In guytuori/simScores: Similarity Scores for Baseball Players
knitr::opts_chunk$set(comment = "#>",
collapse = TRUE,
tidy = F,
fig.height = 4,
fig.width = 6,
fig.align = "center",
message = F,
warning = F)
options(digits = 2)
set.seed(42)
This vignette discusses how the data are processed each day when updating the apps. The goal is to scale the statistics that a player actually accumulated to account for differences in parks, levels, and run scoring environments. So the update process each day follows the following steps:
1) download and clean American and Japanese statistics
2) adjust for park effects with park factors
3) adjust for year effects with year factors
4) adjust for level effects with MLEs
5) record missing data
6) additional processing for Shiny apps
1) Download and Clean Data
Data processing is always dependent on the source of the data. Since the user may not always be using data obtained from PIA or Baseball-Reference, I will not describe the data cleaning process here.
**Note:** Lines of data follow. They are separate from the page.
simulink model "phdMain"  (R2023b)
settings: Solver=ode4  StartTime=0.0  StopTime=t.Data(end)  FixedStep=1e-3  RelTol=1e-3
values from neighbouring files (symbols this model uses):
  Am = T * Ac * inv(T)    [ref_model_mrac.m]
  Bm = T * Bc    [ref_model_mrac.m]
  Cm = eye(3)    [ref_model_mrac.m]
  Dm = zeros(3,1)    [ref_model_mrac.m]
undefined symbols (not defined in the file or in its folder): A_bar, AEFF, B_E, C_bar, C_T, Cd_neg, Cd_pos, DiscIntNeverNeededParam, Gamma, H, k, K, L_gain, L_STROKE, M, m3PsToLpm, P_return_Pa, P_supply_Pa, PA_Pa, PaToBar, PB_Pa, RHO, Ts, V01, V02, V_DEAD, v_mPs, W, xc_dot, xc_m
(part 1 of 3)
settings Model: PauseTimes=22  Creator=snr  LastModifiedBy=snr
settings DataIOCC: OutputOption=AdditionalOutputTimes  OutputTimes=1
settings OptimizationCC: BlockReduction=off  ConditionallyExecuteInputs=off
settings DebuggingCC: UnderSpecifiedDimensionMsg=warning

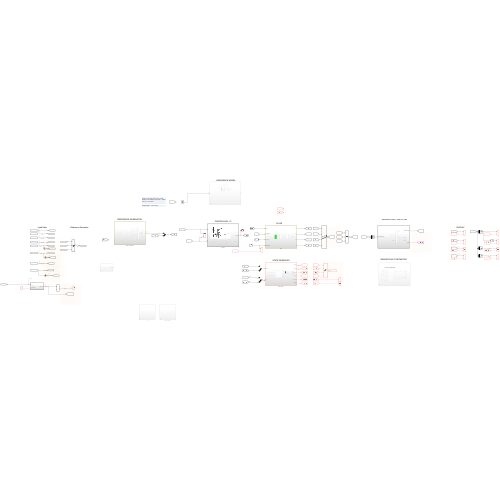
[thumbnail: Simulink's stored preview of the top-level diagram]
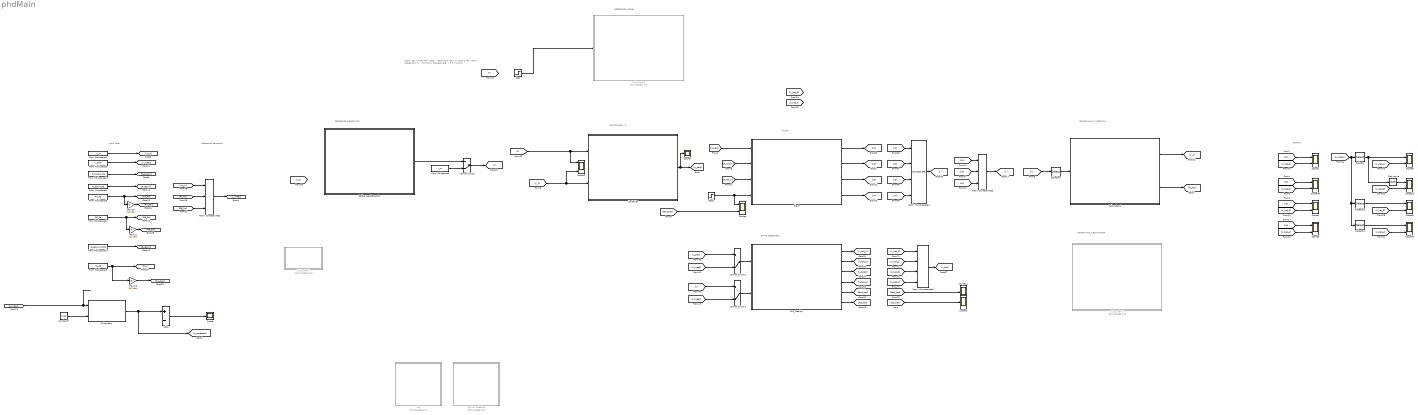
== system phdMain ==
  note: Kapalı Çevrim Faz Marjı (deg) > 6dB
      | Kapalı Çevrim Kazanç Marjı (dB) > 45deg
      | Aşım % < %5 olsun.
      |
      | Bantgenişliği > 5.5 Hz olsun
  note: Load Data
  note: PLANT
  note: CONTROLLER - PI
  note: DISPLAY
  note: Reference Generator
  note: SENSOR FAULT INJECTION
  note: STATE OBSERVER
  note: SENSOR FAULT ESTIMATOR
  note: REFERENCE GENERATOR
  note: REFERENCE MODEL
  Add5 : Sum  Inputs=+-
  Constant9 : Constant  Value=2.45
  Controller : Subsystem
  Derivative : Derivative
  EKF_Healthy : Subsystem
  From Workspace1 : FromWorkspace  VariableName=P_return_Pa
  From Workspace10 : FromWorkspace  VariableName=P_supply_Pa
  From Workspace11 : FromWorkspace  VariableName=PB_Pa
  From Workspace14 : FromWorkspace  VariableName=Q_return_m3Ps
  From Workspace2 : FromWorkspace  VariableName=r_m
  From Workspace3 : FromWorkspace  VariableName=u_perc
  From Workspace4 : FromWorkspace  VariableName=xc_m
  From Workspace5 : FromWorkspace  VariableName=PL_Pa
  From Workspace9 : FromWorkspace  VariableName=PA_Pa
  Gain19 : Gain  Gain=PaToBar
  Gain20 : Gain  Gain=PaToBar
  Gain21 : Gain  Gain=PaToBar
  Manual Switch : ManualSwitch  CurrentSetting=0
  Manual Switch1 : ManualSwitch  CurrentSetting=0
  Manual Switch2 : ManualSwitch  CurrentSetting=0
  Matrix Concatenate2 : Concatenate  NumInputs=3  Mode=Multidimensional array
  Matrix Concatenate3 : Concatenate  NumInputs=3  Mode=Multidimensional array
  Matrix Concatenate4 : Concatenate  NumInputs=4  Mode=Multidimensional array
  Matrix Concatenate5 : Concatenate  NumInputs=4  Mode=Multidimensional array
  Nguyen Observer : Subsystem  Commented=on
  Plant : Subsystem
  Reference_Generator : Subsystem
  Scope{,6..7,12} (4 alike) : Scope
  Scope{1..2,4..5,8..11,36} (9 alike) : Scope  NumInputPorts=2
  Scope3 : Scope  NumInputPorts=3
  Selector : Selector  InputPortWidth=3  IndexOptions=Index vector (dialog)  Indices=1  OutputSizes=1
  Selector1 : Selector  InputPortWidth=3  IndexOptions=Index vector (dialog)  Indices=3  OutputSizes=1
  Selector2 : Selector  InputPortWidth=3  IndexOptions=Index vector (dialog)  Indices=2  OutputSizes=1
  Selector4 : Selector  InputPortWidth=3  IndexOptions=Index vector (dialog)  Indices=1  OutputSizes=1
  Step : Step  After=10e-3  SampleTime=0
  Step2 : Step  Time=5  After=0  SampleTime=0
  Subsystem : Subsystem
  Subsystem1 : Subsystem
  Subsystem2 : Subsystem  Commented=on
  Subsystem3 : Subsystem  Commented=on
  Subsystem4 : Subsystem  Commented=on
  old : Subsystem  Commented=on
  wires:
  From Workspace3/1 -> [u_meas]  "u_real"
  From Workspace10/1 -> [P_supply]  "P_supply_Pa"
  From Workspace1/1 -> [P_return]  "P_return_Pa"
  From Workspace9/1 -> Gain20/1, [PA_Pa]  "PA_Pa"
  From Workspace11/1 -> Gain21/1, [PB_Pa]  "PB_Pa"
  From Workspace14/1 -> [Q_return]  "Q_return_m3Ps"
  From Workspace5/1 -> [P_L], Gain19/1  "P_L_Pa"
  Gain19/1 -> [P_L_bar]  "P_L_bar"
  Gain20/1 -> [PA_bar]  "PA_bar"
  Gain21/1 -> [PB_bar]  "PB_bar"
  [P_supply] -> Plant/2(P_supply_Pa)
  [P_return] -> Plant/3(P_return_Pa)
  Step2/1 -> Scope4/1, Plant/4(F_external_N)
  Plant/1(x1) -> [x1]
  Plant/2(x2) -> [x2]
  Plant/3(x3) -> [x3]
  Plant/4(x4) -> [x4]
  [x1] -> Matrix Concatenate3/1
  [x3] -> Matrix Concatenate3/2
  [x4] -> Matrix Concatenate3/3
  Matrix Concatenate3/1 -> [y]
  EKF_Healthy/1(x_hat_1) -> [x_hat_1]  "x_hat_1"
  EKF_Healthy/2(x_hat_2) -> [x_hat_2]  "x_hat_2"
  EKF_Healthy/3(x_hat_3) -> [x_hat_3]
  EKF_Healthy/4(x_hat_4) -> [x_hat_4]
  [x1] -> Matrix Concatenate4/1
  [x2] -> Matrix Concatenate4/2
  [x3] -> Matrix Concatenate4/3
  [x4] -> Matrix Concatenate4/4
  Matrix Concatenate4/1 -> [x]
  [x_hat_1] -> Matrix Concatenate5/1
  [x_hat_2] -> Matrix Concatenate5/2
  [x_hat_3] -> Matrix Concatenate5/3
  [x_hat_4] -> Matrix Concatenate5/4
  Matrix Concatenate5/1 -> [x_hat]
  EKF_Healthy/5(Fext_hat) -> [Fext_hat]
  EKF_Healthy/6(Qd_est) -> [Qd_hat]
  [x2] -> Scope36/1
  [x_hat_2] -> Scope36/2
  [y] -> Selector4/1
  Selector4/1 -> Subsystem1/1(Real_Cylinder_Pos)
  Subsystem1/1(Measured_Pos) -> [y_1]
  Subsystem1/2(fs_real) -> [fs_real]
  Controller/1(u_out_perc) -> Scope7/1, [u_perc]
  Step/1 -> Subsystem3/1(r)  "r"
  [y_1] -> Scope3/3, Controller/2(y)  "y_pid"
  Add5/1 -> Scope/1  "u_err"
  Subsystem/1(u_corrected) -> [u_corrected], Add5/1  "u_corrected"
  [u_meas] -> Subsystem/1(u)
  Constant9/1 -> Subsystem/2(u_perc_offset)
  [Fext_hat] -> Scope4/2
  Manual Switch/1 -> [r]  "r_m"
  Reference_Generator/1(r) -> Manual Switch/1  "r"
  From Workspace2/1 -> Manual Switch/2
  [x1] -> Scope1/1
  [x_hat_1] -> Scope1/2
  [x_hat_3] -> Scope2/2
  [x3] -> Scope2/1
  [x4] -> Scope5/1
  [x_hat_4] -> Scope5/2
  [Qd_hat] -> Scope6/1
  [PB_Pa] -> Matrix Concatenate2/3
  [PA_Pa] -> Matrix Concatenate2/2
  [xc_m] -> Matrix Concatenate2/1
  Matrix Concatenate2/1 -> [y_meas]
  Manual Switch1/1 -> EKF_Healthy/2(y_k)
  [y] -> Manual Switch1/1
  [y_meas] -> Manual Switch1/2
  Manual Switch2/1 -> EKF_Healthy/1(u_perc)
  [u_perc] -> Manual Switch2/1
  [u_meas] -> Manual Switch2/2
  [u_perc] -> Plant/1(u_perc)
  [r] -> Scope3/1, Controller/1(r)
  Selector1/1 -> Scope11/1  "P2_real"
  [x_hat_4] -> Scope11/2
  Selector/1 -> Derivative/1, Scope8/1
  [x_hat_1] -> Scope8/2
  [x_hat_2] -> Scope10/2
  Derivative/1 -> Scope10/1
  [x_hat_3] -> Scope9/2
  Selector2/1 -> Scope9/1  "P1_real"
  [y_meas] -> Selector1/1, Selector2/1, Selector/1
  From Workspace4/1 -> [xc_m]  "xc_m"
  [Fext_hat] -> Scope12/1

== system phdMain/Controller ==
  note: Kontrolcü kazançları Kp : 5 - Ki :40 test düzeneğinde, Sim ortamında uygunluk için böyle ayarladım
  note: Offset - Yapmaya İhtiyaç yok
  note: Integral Gain
  note: Proportional Gain
  r : Inport  OutDataTypeStr=double
  y : Inport  Port=2  OutDataTypeStr=double
  Add : Sum
  Add1 : Sum  Inputs=+-
  Add3 : Sum
  Constant : Constant  Value=10
  Constant1 : Constant  Value=5
  Constant2 : Constant  Value=0  OutDataTypeStr=double
  Gain1 : Gain  Gain=1000
  Integrator : Integrator
  Product : Product
  Product1 : Product
  Saturation : Saturate  UpperLimit=100  LowerLimit=-100
  u_out_perc : Outport  OutDataTypeStr=double
  wires:
  Constant/1 -> Product/1
  Constant1/1 -> Product1/1
  Add1/1 -> Product1/2, Product/2  "e"
  Product/1 -> Integrator/1
  Integrator/1 -> Add/2
  r/1 -> Add1/1  "r"
  Add/1 -> Gain1/1
  y/1 -> Add1/2
  Add3/1 -> Saturation/1
  Gain1/1 -> Add3/2
  Saturation/1 -> u_out_perc/1
  Product1/1 -> Add/1
  Constant2/1 -> Add3/1

== system phdMain/EKF_Healthy ==
  u_perc : Inport  OutDataTypeStr=double
  y_k : Inport  Port=2  OutDataTypeStr=double
  EKF_Discrete : MATLAB Function  TreatAsAtomicUnit=on  SystemSampleTime=1e-3
  Sel_d10 : Selector  InputPortWidth=6  IndexOptions=Index vector (dialog)  Indices=4  OutputSizes=1
  Sel_d7 : Selector  InputPortWidth=6  IndexOptions=Index vector (dialog)  Indices=1  OutputSizes=1
  Sel_d8 : Selector  InputPortWidth=6  IndexOptions=Index vector (dialog)  Indices=2  OutputSizes=1  RuntimeRangeChecks=on
  Sel_d9 : Selector  InputPortWidth=6  IndexOptions=Index vector (dialog)  Indices=3  OutputSizes=1
  Unit Delay : UnitDelay  SampleTime=1e-3  HasFrameUpgradeWarning=on
  x_hat_1 : Outport  OutDataTypeStr=double
  x_hat_2 : Outport  Port=2  OutDataTypeStr=double
  x_hat_3 : Outport  Port=3  OutDataTypeStr=double
  x_hat_4 : Outport  Port=4  OutDataTypeStr=double
  Fext_hat : Outport  Port=5  OutDataTypeStr=double
  Qd_est : Outport  Port=6  OutDataTypeStr=double
  wires:
  u_perc/1 -> EKF_Discrete/1(u_perc)  "u_perc"
  y_k/1 -> EKF_Discrete/2(y_k)
  EKF_Discrete/1(x_hat_out) -> Unit Delay/1
  Sel_d7/1 -> x_hat_1/1  "x_hat_1"
  Sel_d8/1 -> x_hat_2/1  "x_hat_2"
  Sel_d9/1 -> x_hat_3/1  "x_hat_3"
  Sel_d10/1 -> x_hat_4/1  "x_hat_4"
  EKF_Discrete/2(Fd_est) -> Fext_hat/1
  EKF_Discrete/3(Qd_est) -> Qd_est/1
  Unit Delay/1 -> Sel_d7/1, Sel_d10/1, Sel_d9/1, Sel_d8/1

== system phdMain/Nguyen Observer ==
  note: [1000; 1000; 1e-6; 1e-6]
  Add4 : Sum  Commented=on  Inputs=+-
  From Workspace13 : FromWorkspace  Commented=on  VariableName=P_return_Pa
  From Workspace16 : FromWorkspace  Commented=on  VariableName=P_supply_Pa
  From Workspace17 : FromWorkspace  Commented=on  VariableName=PB_Pa
  From Workspace18 : FromWorkspace  Commented=on  VariableName=PA_Pa
  From14 : From  Commented=on  GotoTag=u_perc
  From15 : From  Commented=on  GotoTag=xc_sim
  From20 : From  Commented=on  GotoTag=xc_dot_sim
  From29 : From  Commented=on  GotoTag=x1_hat
  From32 : From  Commented=on  GotoTag=xc_sim
  From33 : From  Commented=on  GotoTag=x2_hat
  From36 : From  Commented=on  GotoTag=fs_hat
  From37 : From  Commented=on  GotoTag=PA_sim_Pa
  From38 : From  Commented=on  GotoTag=x3_hat
  From40 : From  Commented=on  GotoTag=xc_dot_sim
  Gain15 : Gain  Commented=on  Gain=[1000; 1000; 1e-6; 1e-6]
  Goto21 : Goto  Commented=on  GotoTag=x1_hat
  Goto22 : Goto  Commented=on  GotoTag=x3_hat
  Goto26 : Goto  Commented=on  GotoTag=fs_hat
  Goto27 : Goto  Commented=on  GotoTag=x4_hat
  Goto28 : Goto  Commented=on  GotoTag=x2_hat
  Matrix Concatenate : Concatenate  Commented=on  NumInputs=4  Mode=Multidimensional array
  Nguyen_Observer : Subsystem  Commented=on
  Scope12 : Scope  Commented=on  NumInputPorts=2
  Scope17 : Scope  Commented=on  NumInputPorts=2
  Scope18 : Scope  Commented=on
  Scope19 : Scope  Commented=on
  Scope20 : Scope  Commented=on  NumInputPorts=2
  Selector : Selector  Commented=on  InputPortWidth=5  IndexOptions=Index vector (dialog)  Indices=1  OutputSizes=1
  Selector1 : Selector  Commented=on  InputPortWidth=5  IndexOptions=Index vector (dialog)  Indices=2  OutputSizes=1
  Selector2 : Selector  Commented=on  InputPortWidth=5  IndexOptions=Index vector (dialog)  Indices=3  OutputSizes=1
  Selector3 : Selector  Commented=on  InputPortWidth=5  IndexOptions=Index vector (dialog)  Indices=4  OutputSizes=1
  Selector4 : Selector  Commented=on  InputPortWidth=5  IndexOptions=Index vector (dialog)  Indices=5  OutputSizes=1
  Zero-Order Hold3 : ZeroOrderHold  Commented=on  SampleTime=Ts
  wires:
  From Workspace13/1 -> Nguyen_Observer/3(P_return)
  Add4/1 -> Scope19/1
  From Workspace17/1 -> Matrix Concatenate/4
  Selector4/1 -> Goto26/1
  From14/1 -> Nguyen_Observer/1(u_perc)  "u_perc"
  Selector2/1 -> Goto22/1
  Matrix Concatenate/1 -> Zero-Order Hold3/1
  From38/1 -> Scope20/2
  From Workspace16/1 -> Nguyen_Observer/2(P_supply)
  From32/1 -> Add4/1, Scope12/1
  Zero-Order Hold3/1 -> Gain15/1
  From36/1 -> Scope18/1
  From40/1 -> Scope17/1
  Gain15/1 -> Nguyen_Observer/4(y)
  From20/1 -> Matrix Concatenate/2
  From15/1 -> Matrix Concatenate/1
  Selector/1 -> Goto21/1
  Selector3/1 -> Goto27/1
  From37/1 -> Scope20/1  "PA_sim_Pa"
  Selector1/1 -> Goto28/1
  From Workspace18/1 -> Matrix Concatenate/3
  Nguyen_Observer/1(xbar_hat_safe) -> Selector4/1, Selector3/1, Selector2/1, Selector1/1, Selector/1
  From33/1 -> Scope17/2
  From29/1 -> Add4/2, Scope12/2

== system phdMain/Plant ==
  u_perc : Inport  OutDataTypeStr=double
  P_supply_Pa : Inport  Port=2
  P_return_Pa : Inport  Port=3
  F_external_N : Inport  Port=4
  Cylinder_Dynamics : Subsystem
  Pressure_Dynamics : Subsystem
  Subsystem1 : Subsystem
  x1 : Outport
  x2 : Outport  Port=2
  x3 : Outport  Port=3
  x4 : Outport  Port=4
  wires:
  Cylinder_Dynamics/1(xc_sim) -> [xc_sim]  "xc_sim_m"
  [xc_sim] -> Pressure_Dynamics/3(xc)
  P_supply_Pa/1 -> Subsystem1/2(P_supply)
  [PA_sim_Pa] -> Subsystem1/4(PA_sim_Pa)  "PA_sim_Pa"
  [PB_sim_Pa] -> Subsystem1/5(PB_sim_Pa)  "PB_sim_Pa"
  [PB_sim_Pa] -> Cylinder_Dynamics/2(PB_sim_Pa)  "PB_sim_Pa"
  Pressure_Dynamics/1(PA_sim) -> [PA_sim_Pa]  "PA_sim_Pa"
  Cylinder_Dynamics/3(xc_ddot_sim) -> [xc_ddot_sim]  "xc_ddot_sim_mPs2"
  Cylinder_Dynamics/2(xc_dot_sim) -> [xc_dot_sim]  "xc_dot_sim_mPs"
  [xc_dot_sim] -> Pressure_Dynamics/2(xc_dot)
  [PA_sim_Pa] -> Cylinder_Dynamics/1(PA_sim_Pa)  "PA_sim_Pa"
  Pressure_Dynamics/2(PB_sim) -> [PB_sim_Pa]  "PB_sim_Pa"
  Subsystem1/1(q_withLeaks) -> [Q_Bus]
  [Q_Bus] -> Pressure_Dynamics/1(q)
  u_perc/1 -> Subsystem1/1(u_perc)  "u_perc"
  P_return_Pa/1 -> Subsystem1/3(P_return)
  F_external_N/1 -> Cylinder_Dynamics/3(F_ext)
  [xc_sim] -> x1/1  "xc_sim"
  [xc_dot_sim] -> x2/1  "xc_dot_sim"
  [PA_sim_Pa] -> x3/1  "PA_sim_Pa"
  [PB_sim_Pa] -> x4/1  "PB_sim_Pa"

== system phdMain/Reference_Generator ==
  Constant : Constant  OutDataTypeStr=uint8
  Constant1 : Constant  Commented=on  Value=30  OutDataTypeStr=double
  Constant2 : Constant  Commented=on  OutDataTypeStr=double
  Constant3 : Constant  Commented=on  Value=0  OutDataTypeStr=double
  Constant4 : Constant  Value=0
  From Workspace14 : FromWorkspace  VariableName=r_m
  Gain : Gain
  Multiport Switch : MultiPortSwitch  DataPortOrder=Zero-based contiguous  DataPortForDefault=Additional data port  DiagnosticForDefault=None  zeroidx=on  OutDataTypeStr=double  SaturateOnIntegerOverflow=off  InputSameDT=off
  Pulse Generator : DiscretePulseGenerator  PulseType=Time based  Amplitude=20e-3  Period=4  PulseWidth=25
  Scope : Scope
  Sine Wave : Sin  Amplitude=30e-3  Frequency=pi*0.5  SampleTime=0
  Sine_Generator : Subsystem  Commented=on
  r : Outport  OutDataTypeStr=double
  wires:
  From Workspace14/1 -> Multiport Switch/2  "r_m"
  Constant/1 -> Multiport Switch/1
  Constant1/1 -> Sine_Generator/1(Amp_mm)
  Constant2/1 -> Sine_Generator/2(f_Hz)
  Constant3/1 -> Sine_Generator/3(phi_deg)
  Pulse Generator/1 -> Gain/1
  Multiport Switch/1 -> Scope/1, r/1
  Constant4/1 -> Multiport Switch/5
  Sine Wave/1 -> Multiport Switch/3
  Gain/1 -> Multiport Switch/4

== system phdMain/Subsystem ==
  u : Inport  OutDataTypeStr=double
  u_perc_offset : Inport  Port=2  OutDataTypeStr=double
  Add : Sum  Inputs=+-
  u_corrected : Outport
  wires:
  u/1 -> Add/1
  u_perc_offset/1 -> Add/2
  Add/1 -> u_corrected/1

== system phdMain/Subsystem1 ==
  Real_Cylinder_Pos : Inport  OutDataTypeStr=double
  Add4 : Sum
  Fault_Injection : Subsystem  Commented=on
  Measured_Pos : Outport  OutDataTypeStr=double
  fs_real : Outport  Port=2  OutDataTypeStr=double
  wires:
  Fault_Injection/1(fs) -> [fs_real], Add4/1
  Real_Cylinder_Pos/1 -> Add4/2
  Add4/1 -> Measured_Pos/1  "y_1"
  [fs_real] -> fs_real/1

== system phdMain/Subsystem2 ==
  note: FAULT ESTIMATOR
  From14 : From  Commented=on  GotoTag=u_perc
  From15 : From  Commented=on  GotoTag=PA_sim_Pa
  From20 : From  Commented=on  GotoTag=PB_sim_Pa
  From29 : From  Commented=on  GotoTag=fs_real
  From33 : From  Commented=on  GotoTag=xc_dot_sim
  Scope12 : Scope  Commented=on  NumInputPorts=3
  Scope17 : Scope  Commented=on  NumInputPorts=3
  Subsystem3 : Subsystem  Commented=on
  wires:
  Subsystem3/2(Out1) -> Scope17/1
  From20/1 -> Subsystem3/3(PB_Pa)  "PB_sim_Pa"
  From29/1 -> Subsystem3/5(fs_real)
  From14/1 -> Subsystem3/1(u_real)  "u_perc"
  From33/1 -> Scope17/2
  From15/1 -> Subsystem3/2(PA_Pa)
  Subsystem3/1(x_bar) -> Scope12/2  "x_bar"

== system phdMain/Subsystem3 ==
  r : Inport  OutDataTypeStr=double
  Add : Sum  Inputs=+-
  Gain : Gain
  Scope10 : Scope  NumInputPorts=2
  Scope11 : Scope
  Scope12 : Scope
  Scope13 : Scope
  Scope8 : Scope  NumInputPorts=2
  Scope9 : Scope  NumInputPorts=2
  Selector : Selector  InputPortWidth=3  IndexOptions=Index vector (dialog)  Indices=1  OutputSizes=1
  Selector1 : Selector  InputPortWidth=3  IndexOptions=Index vector (dialog)  Indices=2  OutputSizes=1
  Selector2 : Selector  InputPortWidth=3  IndexOptions=Index vector (dialog)  Indices=3  OutputSizes=1
  State-Space : StateSpace  A=Am  B=Bm  C=Cm  D=Dm  InitialCondition=[0;0;0]
  Out1 : Outport
  wires:
  r/1 -> State-Space/1, Scope12/1, Scope8/1  "r"
  Selector1/1 -> Scope13/1, Scope9/1
  [x2] -> Scope9/2
  Gain/1 -> Scope10/1
  State-Space/1 -> Selector2/1, Selector1/1, Selector/1
  Selector/1 -> Scope8/2  "y_m"
  Selector2/1 -> Scope11/1, Gain/1
  Add/1 -> Scope10/2

== system phdMain/Subsystem4 ==
  In1 : Inport
  Add : Sum
  Constant : Constant
  Constant1 : Constant  Value=100
  Relational Operator : RelationalOperator  OutDataTypeStr=boolean  RndMeth=Simplest  InputSameDT=off
  Saturation : Saturate  UpperLimit=100  LowerLimit=0
  Switch : Switch  Criteria=u2 ~= 0  SaturateOnIntegerOverflow=off  InputSameDT=off
  Unit Delay : UnitDelay  SampleTime=-1  HasFrameUpgradeWarning=on
  u_perc_offset : Outport
  wires:
  Constant/1 -> Add/1
  Add/1 -> Unit Delay/1, Saturation/1
  Unit Delay/1 -> Add/2
  Saturation/1 -> Relational Operator/1
  Constant1/1 -> Relational Operator/2
  Relational Operator/1 -> Switch/2
  In1/1 -> Switch/1

== system phdMain/old ==
  Bus Creator1 : BusCreator  Commented=on  Inputs=3
  Constant10 : Constant  Commented=on  Value=mean(P_supply_Pa)
  Constant4 : Constant  Commented=on  Value=mean(P_return_Pa)
  Constant6 : Constant  Commented=on  Value=mean(P_supply_Pa)
  Constant9 : Constant  Commented=on  Value=mean(P_return_Pa)
  Flow_Calc_NoLeak : Subsystem  Commented=on
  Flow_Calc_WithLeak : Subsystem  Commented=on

Once the data from different sources have been cleaned and all follow the same format, they can be combined into one large data set.
library(simScores)
library(dplyr) # for data wrangling functions
setwd("N:/Apps/simScoresApp/data/1-cleaned/batters") # cleaned batting data
b_dat <- list.files() %>% # identify the names of all the clean files
lapply(function(x) read.csv(x) %>% mutate(MLBID = as.character(MLBID))) %>% # load them into R
rbind_all() %>% # stack them on top of each other
tbl_df()
b_dat
setwd("N:/Apps/simScoresApp/data/1-cleaned/pitchers") # cleaned pitching data
p_dat <- list.files() %>% # identify the names of all the clean files
lapply(function(x)read.csv(x) %>% mutate(MLBID = as.character(MLBID))) %>% # load them into R
rbind_all() %>% # stack them on top of each other
tbl_df()
p_dat
Japanese pitching statistics collected from Baseball-Reference do not have 1B, 2B, or 3B so these are recorded as missing.
2) Park Effects
Citizen's Bank Park is small, so it is easier for batter to hit home runs. Park factors have been developed to account for these differences in parks. They attempt to answer the question, "If a player hit 20 home runs in park X, how many would he hit in the same number of plate appearances in an average park?"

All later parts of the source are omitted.